* [EXERCISE REQUIREMENTS]
Each record that follows is to be transcribed exactly, excluding its images.

** Opening EXTRACTED RECORDS block **

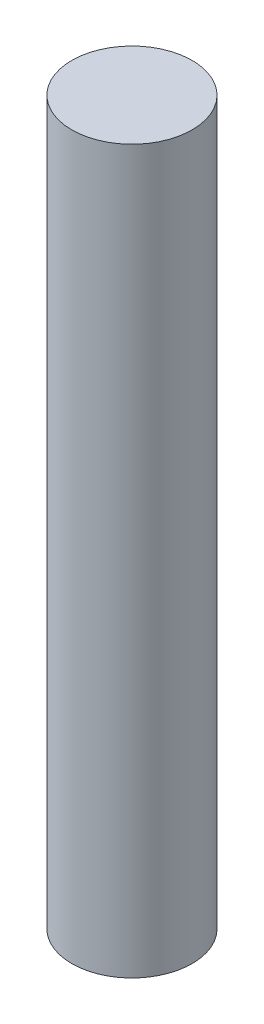
ISO-10303-21;
HEADER;
FILE_DESCRIPTION(('STEP AP214'),'2;1');
FILE_NAME('part.step','',(''),(''),'','','');
FILE_SCHEMA(('AUTOMOTIVE_DESIGN { 1 0 10303 214 1 1 1 1 }'));
ENDSEC;
DATA;
#1=APPLICATION_CONTEXT('core data for automotive mechanical design processes');
#2=APPLICATION_PROTOCOL_DEFINITION('international standard','automotive_design',2000,#1);
#3=PRODUCT_CONTEXT('',#1,'mechanical');
#4=PRODUCT('Part','Part','',(#3));
#5=PRODUCT_RELATED_PRODUCT_CATEGORY('part','',(#4));
#6=PRODUCT_DEFINITION_FORMATION('','',#4);
#7=PRODUCT_DEFINITION_CONTEXT('part definition',#1,'design');
#8=PRODUCT_DEFINITION('design','',#6,#7);
#9=PRODUCT_DEFINITION_SHAPE('','',#8);
#10=(LENGTH_UNIT() NAMED_UNIT(*) SI_UNIT(.MILLI.,.METRE.));
#11=(NAMED_UNIT(*) PLANE_ANGLE_UNIT() SI_UNIT($,.RADIAN.));
#12=(NAMED_UNIT(*) SI_UNIT($,.STERADIAN.) SOLID_ANGLE_UNIT());
#13=UNCERTAINTY_MEASURE_WITH_UNIT(LENGTH_MEASURE(1.E-05),#10,'distance_accuracy_value','');
#14=(GEOMETRIC_REPRESENTATION_CONTEXT(3) GLOBAL_UNCERTAINTY_ASSIGNED_CONTEXT((#13)) GLOBAL_UNIT_ASSIGNED_CONTEXT((#10,
#11,#12)) REPRESENTATION_CONTEXT('',''));
#15=CARTESIAN_POINT('',(0.,0.,0.));
#16=DIRECTION('',(0.,0.,1.));
#17=DIRECTION('',(1.,0.,0.));
#18=AXIS2_PLACEMENT_3D('',#15,#16,#17);
#19=CARTESIAN_POINT('',(0.,76.2,0.));
#20=DIRECTION('',(0.,-1.,0.));
#21=DIRECTION('',(0.,0.,-1.));
#22=AXIS2_PLACEMENT_3D('',#19,#20,#21);
#23=CYLINDRICAL_SURFACE('',#22,6.35);
#24=CARTESIAN_POINT('',(0.,76.2,0.));
#25=DIRECTION('',(0.,1.,0.));
#26=DIRECTION('',(0.,0.,1.));
#27=AXIS2_PLACEMENT_3D('',#24,#25,#26);
#28=CIRCLE('',#27,6.35);
#29=CARTESIAN_POINT('',(0.,76.2,6.35));
#30=VERTEX_POINT('',#29);
#31=EDGE_CURVE('E10',#30,#30,#28,.T.);
#32=ORIENTED_EDGE('',*,*,#31,.F.);
#33=EDGE_LOOP('',(#32));
#34=FACE_BOUND('',#33,.T.);
#35=CARTESIAN_POINT('',(0.,0.,0.));
#36=DIRECTION('',(0.,1.,0.));
#37=DIRECTION('',(0.,0.,1.));
#38=AXIS2_PLACEMENT_3D('',#35,#36,#37);
#39=CIRCLE('',#38,6.35);
#40=CARTESIAN_POINT('',(0.,0.,6.35));
#41=VERTEX_POINT('',#40);
#42=EDGE_CURVE('E40',#41,#41,#39,.T.);
#43=ORIENTED_EDGE('',*,*,#42,.T.);
#44=EDGE_LOOP('',(#43));
#45=FACE_BOUND('',#44,.T.);
#46=ADVANCED_FACE('F37',(#34,#45),#23,.T.);
#47=CARTESIAN_POINT('',(0.,76.2,0.));
#48=DIRECTION('',(0.,1.,0.));
#49=DIRECTION('',(0.,0.,1.));
#50=AXIS2_PLACEMENT_3D('',#47,#48,#49);
#51=PLANE('',#50);
#52=ORIENTED_EDGE('',*,*,#31,.T.);
#53=EDGE_LOOP('',(#52));
#54=FACE_BOUND('',#53,.T.);
#55=ADVANCED_FACE('F54',(#54),#51,.T.);
#56=CARTESIAN_POINT('',(0.,0.,0.));
#57=DIRECTION('',(0.,1.,0.));
#58=DIRECTION('',(0.,0.,1.));
#59=AXIS2_PLACEMENT_3D('',#56,#57,#58);
#60=PLANE('',#59);
#61=ORIENTED_EDGE('',*,*,#42,.F.);
#62=EDGE_LOOP('',(#61));
#63=FACE_BOUND('',#62,.T.);
#64=ADVANCED_FACE('F52',(#63),#60,.F.);
#65=CLOSED_SHELL('',(#46,#55,#64));
#66=MANIFOLD_SOLID_BREP('B2',#65);
#67=ADVANCED_BREP_SHAPE_REPRESENTATION('',(#18,#66),#14);
#68=SHAPE_DEFINITION_REPRESENTATION(#9,#67);
ENDSEC;
END-ISO-10303-21;

** Closing EXTRACTED RECORDS block **

* [EXERCISE SOLUTION]
ISO-10303-21;
HEADER;
FILE_DESCRIPTION(('STEP AP214'),'2;1');
FILE_NAME('part.step','',(''),(''),'','','');
FILE_SCHEMA(('AUTOMOTIVE_DESIGN { 1 0 10303 214 1 1 1 1 }'));
ENDSEC;
DATA;
#1=APPLICATION_CONTEXT('core data for automotive mechanical design processes');
#2=APPLICATION_PROTOCOL_DEFINITION('international standard','automotive_design',2000,#1);
#3=PRODUCT_CONTEXT('',#1,'mechanical');
#4=PRODUCT('Part','Part','',(#3));
#5=PRODUCT_RELATED_PRODUCT_CATEGORY('part','',(#4));
#6=PRODUCT_DEFINITION_FORMATION('','',#4);
#7=PRODUCT_DEFINITION_CONTEXT('part definition',#1,'design');
#8=PRODUCT_DEFINITION('design','',#6,#7);
#9=PRODUCT_DEFINITION_SHAPE('','',#8);
#10=(LENGTH_UNIT() NAMED_UNIT(*) SI_UNIT(.MILLI.,.METRE.));
#11=(NAMED_UNIT(*) PLANE_ANGLE_UNIT() SI_UNIT($,.RADIAN.));
#12=(NAMED_UNIT(*) SI_UNIT($,.STERADIAN.) SOLID_ANGLE_UNIT());
#13=UNCERTAINTY_MEASURE_WITH_UNIT(LENGTH_MEASURE(1.E-05),#10,'distance_accuracy_value','');
#14=(GEOMETRIC_REPRESENTATION_CONTEXT(3) GLOBAL_UNCERTAINTY_ASSIGNED_CONTEXT((#13)) GLOBAL_UNIT_ASSIGNED_CONTEXT((#10,
#11,#12)) REPRESENTATION_CONTEXT('',''));
#15=CARTESIAN_POINT('',(0.,0.,0.));
#16=DIRECTION('',(0.,0.,1.));
#17=DIRECTION('',(1.,0.,0.));
#18=AXIS2_PLACEMENT_3D('',#15,#16,#17);
#19=CARTESIAN_POINT('',(0.,76.2,0.));
#20=DIRECTION('',(0.,-1.,0.));
#21=DIRECTION('',(0.,0.,-1.));
#22=AXIS2_PLACEMENT_3D('',#19,#20,#21);
#23=CYLINDRICAL_SURFACE('',#22,6.35);
#24=CARTESIAN_POINT('',(0.,76.2,0.));
#25=DIRECTION('',(0.,1.,0.));
#26=DIRECTION('',(0.,0.,1.));
#27=AXIS2_PLACEMENT_3D('',#24,#25,#26);
#28=CIRCLE('',#27,6.35);
#29=CARTESIAN_POINT('',(0.,76.2,6.35));
#30=VERTEX_POINT('',#29);
#31=EDGE_CURVE('E10',#30,#30,#28,.T.);
#32=ORIENTED_EDGE('',*,*,#31,.F.);
#33=EDGE_LOOP('',(#32));
#34=FACE_BOUND('',#33,.T.);
#35=CARTESIAN_POINT('',(0.,0.,0.));
#36=DIRECTION('',(0.,1.,0.));
#37=DIRECTION('',(0.,0.,1.));
#38=AXIS2_PLACEMENT_3D('',#35,#36,#37);
#39=CIRCLE('',#38,6.35);
#40=CARTESIAN_POINT('',(0.,0.,6.35));
#41=VERTEX_POINT('',#40);
#42=EDGE_CURVE('E40',#41,#41,#39,.T.);
#43=ORIENTED_EDGE('',*,*,#42,.T.);
#44=EDGE_LOOP('',(#43));
#45=FACE_BOUND('',#44,.T.);
#46=ADVANCED_FACE('F37',(#34,#45),#23,.T.);
#47=CARTESIAN_POINT('',(0.,76.2,0.));
#48=DIRECTION('',(0.,1.,0.));
#49=DIRECTION('',(0.,0.,1.));
#50=AXIS2_PLACEMENT_3D('',#47,#48,#49);
#51=PLANE('',#50);
#52=ORIENTED_EDGE('',*,*,#31,.T.);
#53=EDGE_LOOP('',(#52));
#54=FACE_BOUND('',#53,.T.);
#55=ADVANCED_FACE('F54',(#54),#51,.T.);
#56=CARTESIAN_POINT('',(0.,0.,0.));
#57=DIRECTION('',(0.,1.,0.));
#58=DIRECTION('',(0.,0.,1.));
#59=AXIS2_PLACEMENT_3D('',#56,#57,#58);
#60=PLANE('',#59);
#61=ORIENTED_EDGE('',*,*,#42,.F.);
#62=EDGE_LOOP('',(#61));
#63=FACE_BOUND('',#62,.T.);
#64=ADVANCED_FACE('F52',(#63),#60,.F.);
#65=CLOSED_SHELL('',(#46,#55,#64));
#66=MANIFOLD_SOLID_BREP('B2',#65);
#67=ADVANCED_BREP_SHAPE_REPRESENTATION('',(#18,#66),#14);
#68=SHAPE_DEFINITION_REPRESENTATION(#9,#67);
ENDSEC;
END-ISO-10303-21;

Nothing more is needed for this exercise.